RNC Chairman Ken Mehlman today attended the unveiling of the 21st Century Mayflower Compact at the Mayflower Hotel in Washington D.C.. The nine-point agenda includes support for school choice and private social security accounts. The Coalition is advised in part by former House Speaker Newt Gingrich’s consulting firm.

African Americans often reach different and surprising conclusions on social issues that the casual (Caucasian) observer just won’t understand. For example, Black folks still want to see Michael Jackson find happiness. His high-pitched voice and soulful delivery is the soundtrack of generations and has a permanent place in the Black community’s psyche, no matter the plastic surgery, skin bleaching and alleged child molestation charges. Possibly, it’s the “he’s still Black” phenomenon that African Americans well understand. They want Michael Jackson’s name cleared. In short, they want him to make good music and just leave the damn kids alone.

Likewise, Blacks see Old Age Survivors and Disability Insurance Program, popularly known as Social Security, as an entitlement forced into place during a period when “bigots” wanted to run things. And against the odds, a well respected Franklin Roosevelt was able to established needed protection for the public from the economic fears of old age, sickness, accident, and unemployment. As its original name suggest, African Americans believe the insurance program was created to do much more than provide an old age benefit.

Wangstas (whites and uh oh oreos) are extremely white persons who attempt to be “gangsta” (cool with Black people) in order to “pimp out.” They dress, speak and act for all practical purposes as a African Americans aside from the fact that they are not. Normally they are hated by the fam for being fake.

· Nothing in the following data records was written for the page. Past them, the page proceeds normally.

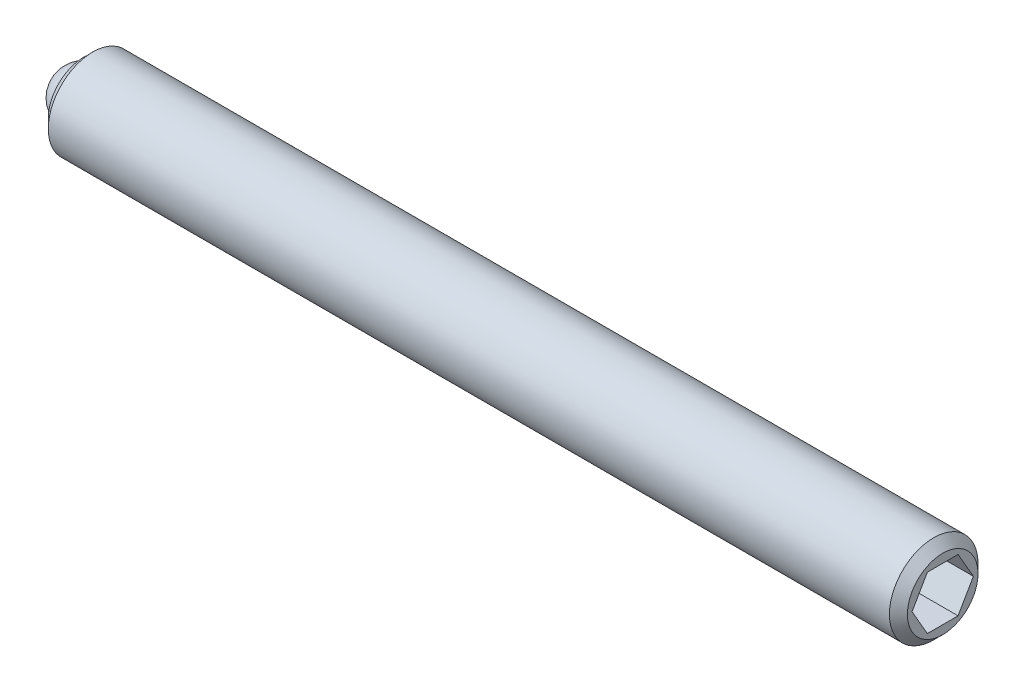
ISO-10303-21;
HEADER;
FILE_DESCRIPTION(('STEP AP214'),'2;1');
FILE_NAME('part.step','',(''),(''),'','','');
FILE_SCHEMA(('AUTOMOTIVE_DESIGN { 1 0 10303 214 1 1 1 1 }'));
ENDSEC;
DATA;
#1=APPLICATION_CONTEXT('core data for automotive mechanical design processes');
#2=APPLICATION_PROTOCOL_DEFINITION('international standard','automotive_design',2000,#1);
#3=PRODUCT_CONTEXT('',#1,'mechanical');
#4=PRODUCT('Part','Part','',(#3));
#5=PRODUCT_RELATED_PRODUCT_CATEGORY('part','',(#4));
#6=PRODUCT_DEFINITION_FORMATION('','',#4);
#7=PRODUCT_DEFINITION_CONTEXT('part definition',#1,'design');
#8=PRODUCT_DEFINITION('design','',#6,#7);
#9=PRODUCT_DEFINITION_SHAPE('','',#8);
#10=(LENGTH_UNIT() NAMED_UNIT(*) SI_UNIT(.MILLI.,.METRE.));
#11=(NAMED_UNIT(*) PLANE_ANGLE_UNIT() SI_UNIT($,.RADIAN.));
#12=(NAMED_UNIT(*) SI_UNIT($,.STERADIAN.) SOLID_ANGLE_UNIT());
#13=UNCERTAINTY_MEASURE_WITH_UNIT(LENGTH_MEASURE(1.E-05),#10,'distance_accuracy_value','');
#14=(GEOMETRIC_REPRESENTATION_CONTEXT(3) GLOBAL_UNCERTAINTY_ASSIGNED_CONTEXT((#13)) GLOBAL_UNIT_ASSIGNED_CONTEXT((#10,
#11,#12)) REPRESENTATION_CONTEXT('',''));
#15=CARTESIAN_POINT('',(0.,0.,0.));
#16=DIRECTION('',(0.,0.,1.));
#17=DIRECTION('',(1.,0.,0.));
#18=AXIS2_PLACEMENT_3D('',#15,#16,#17);
#19=CARTESIAN_POINT('',(0.,0.,0.));
#20=DIRECTION('',(0.,-1.,0.));
#21=DIRECTION('',(0.,0.,-1.));
#22=AXIS2_PLACEMENT_3D('',#19,#20,#21);
#23=SPHERICAL_SURFACE('',#22,0.75);
#24=CARTESIAN_POINT('',(0.,-0.75,0.));
#25=VERTEX_POINT('',#24);
#26=VERTEX_LOOP('',#25);
#27=FACE_BOUND('',#26,.T.);
#28=ADVANCED_FACE('F43',(#27),#23,.T.);
#29=CLOSED_SHELL('',(#28));
#30=MANIFOLD_SOLID_BREP('B2',#29);
#31=CARTESIAN_POINT('',(24.25,0.,0.));
#32=DIRECTION('',(-1.,0.,0.));
#33=DIRECTION('',(0.,0.,1.));
#34=AXIS2_PLACEMENT_3D('',#31,#32,#33);
#35=CYLINDRICAL_SURFACE('',#34,1.25);
#36=CARTESIAN_POINT('',(23.996,0.,0.));
#37=DIRECTION('',(1.,0.,0.));
#38=DIRECTION('',(0.,0.,-1.));
#39=AXIS2_PLACEMENT_3D('',#36,#37,#38);
#40=CIRCLE('',#39,1.25);
#41=CARTESIAN_POINT('',(23.996,0.,1.25));
#42=VERTEX_POINT('',#41);
#43=EDGE_CURVE('E41',#42,#42,#40,.F.);
#44=CARTESIAN_POINT('',(0.254000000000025,0.,0.));
#45=DIRECTION('',(1.,0.,0.));
#46=DIRECTION('',(0.,0.,-1.));
#47=AXIS2_PLACEMENT_3D('',#44,#45,#46);
#48=CIRCLE('',#47,1.25);
#49=CARTESIAN_POINT('',(0.254000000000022,0.,1.25));
#50=VERTEX_POINT('',#49);
#51=EDGE_CURVE('E159',#50,#50,#48,.T.);
#52=CARTESIAN_POINT('',(23.996,0.,1.25));
#53=CARTESIAN_POINT('',(23.7486875,0.,1.25));
#54=CARTESIAN_POINT('',(23.501375,0.,1.25));
#55=CARTESIAN_POINT('',(23.00675,0.,1.25));
#56=CARTESIAN_POINT('',(22.7594375,0.,1.25));
#57=CARTESIAN_POINT('',(22.2648125,0.,1.25));
#58=CARTESIAN_POINT('',(22.0175,0.,1.25));
#59=CARTESIAN_POINT('',(21.522875,0.,1.25));
#60=CARTESIAN_POINT('',(21.2755625,0.,1.25));
#61=CARTESIAN_POINT('',(20.7809375,0.,1.25));
#62=CARTESIAN_POINT('',(20.533625,0.,1.25));
#63=CARTESIAN_POINT('',(20.039,0.,1.25));
#64=CARTESIAN_POINT('',(19.7916875,0.,1.25));
#65=CARTESIAN_POINT('',(19.2970625,0.,1.25));
#66=CARTESIAN_POINT('',(19.04975,0.,1.25));
#67=CARTESIAN_POINT('',(18.555125,0.,1.25));
#68=CARTESIAN_POINT('',(18.3078125,0.,1.25));
#69=CARTESIAN_POINT('',(17.8131875,0.,1.25));
#70=CARTESIAN_POINT('',(17.565875,0.,1.25));
#71=CARTESIAN_POINT('',(17.07125,0.,1.25));
#72=CARTESIAN_POINT('',(16.8239375,0.,1.25));
#73=CARTESIAN_POINT('',(16.3293125,0.,1.25));
#74=CARTESIAN_POINT('',(16.082,0.,1.25));
#75=CARTESIAN_POINT('',(15.587375,0.,1.25));
#76=CARTESIAN_POINT('',(15.3400625,0.,1.25));
#77=CARTESIAN_POINT('',(14.8454375,0.,1.25));
#78=CARTESIAN_POINT('',(14.598125,0.,1.25));
#79=CARTESIAN_POINT('',(14.1035,0.,1.25));
#80=CARTESIAN_POINT('',(13.8561875,0.,1.25));
#81=CARTESIAN_POINT('',(13.3615625,0.,1.25));
#82=CARTESIAN_POINT('',(13.11425,0.,1.25));
#83=CARTESIAN_POINT('',(12.619625,0.,1.25));
#84=CARTESIAN_POINT('',(12.3723125,0.,1.25));
#85=CARTESIAN_POINT('',(11.8776875,0.,1.25));
#86=CARTESIAN_POINT('',(11.630375,0.,1.25));
#87=CARTESIAN_POINT('',(11.13575,0.,1.25));
#88=CARTESIAN_POINT('',(10.8884375,0.,1.25));
#89=CARTESIAN_POINT('',(10.3938125,0.,1.25));
#90=CARTESIAN_POINT('',(10.1465,0.,1.25));
#91=CARTESIAN_POINT('',(9.65187500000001,0.,1.25));
#92=CARTESIAN_POINT('',(9.40456250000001,0.,1.25));
#93=CARTESIAN_POINT('',(8.90993750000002,0.,1.25));
#94=CARTESIAN_POINT('',(8.66262500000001,0.,1.25));
#95=CARTESIAN_POINT('',(8.16800000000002,0.,1.25));
#96=CARTESIAN_POINT('',(7.92068750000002,0.,1.25));
#97=CARTESIAN_POINT('',(7.42606250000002,0.,1.25));
#98=CARTESIAN_POINT('',(7.17875000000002,0.,1.25));
#99=CARTESIAN_POINT('',(6.68412500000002,0.,1.25));
#100=CARTESIAN_POINT('',(6.43681250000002,0.,1.25));
#101=CARTESIAN_POINT('',(5.94218750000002,0.,1.25));
#102=CARTESIAN_POINT('',(5.69487500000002,0.,1.25));
#103=CARTESIAN_POINT('',(5.20025000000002,0.,1.25));
#104=CARTESIAN_POINT('',(4.95293750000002,0.,1.25));
#105=CARTESIAN_POINT('',(4.45831250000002,0.,1.25));
#106=CARTESIAN_POINT('',(4.21100000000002,0.,1.25));
#107=CARTESIAN_POINT('',(3.71637500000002,0.,1.25));
#108=CARTESIAN_POINT('',(3.46906250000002,0.,1.25));
#109=CARTESIAN_POINT('',(2.97443750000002,0.,1.25));
#110=CARTESIAN_POINT('',(2.72712500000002,0.,1.25));
#111=CARTESIAN_POINT('',(2.23250000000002,0.,1.25));
#112=CARTESIAN_POINT('',(1.98518750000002,0.,1.25));
#113=CARTESIAN_POINT('',(1.49056250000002,0.,1.25));
#114=CARTESIAN_POINT('',(1.24325000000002,0.,1.25));
#115=CARTESIAN_POINT('',(0.74862500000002,0.,1.25));
#116=CARTESIAN_POINT('',(0.501312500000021,0.,1.25));
#117=CARTESIAN_POINT('',(0.254000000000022,0.,1.25));
#118=B_SPLINE_CURVE_WITH_KNOTS('',3,(#52,#53,#54,#55,#56,#57,#58,#59,#60,#61,#62,#63,#64,#65,
#66,#67,#68,#69,#70,#71,#72,#73,#74,#75,#76,#77,#78,#79,#80,#81,#82,#83,#84,#85,#86,#87,#88,#89,
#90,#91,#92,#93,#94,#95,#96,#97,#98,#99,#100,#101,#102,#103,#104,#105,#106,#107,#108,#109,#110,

The White House and its oreos who support overhauling Social Security have launched a highly targeted campaign to convince Black people that President Bush’s plan to create private investment accounts will have special benefits for them. The ghetto fab element about the GOP message to African Americans: “The shorter life expectancy of Black males means Social Security in its current form is not a favorable deal.”

Proponents of privatizing social security who claim no group has as much at stake in the debate over reform as African Americans, in fact, are right. Black families of workers who become disabled or die are much more likely than their Caucasian counterparts to be dependent on the grip available from disability and/or survivor benefits. Blacks make up 12 percent of the U.S. population, but 23 percent of African American children receive survivor benefits, and 18 percent of the community are disability beneficiaries.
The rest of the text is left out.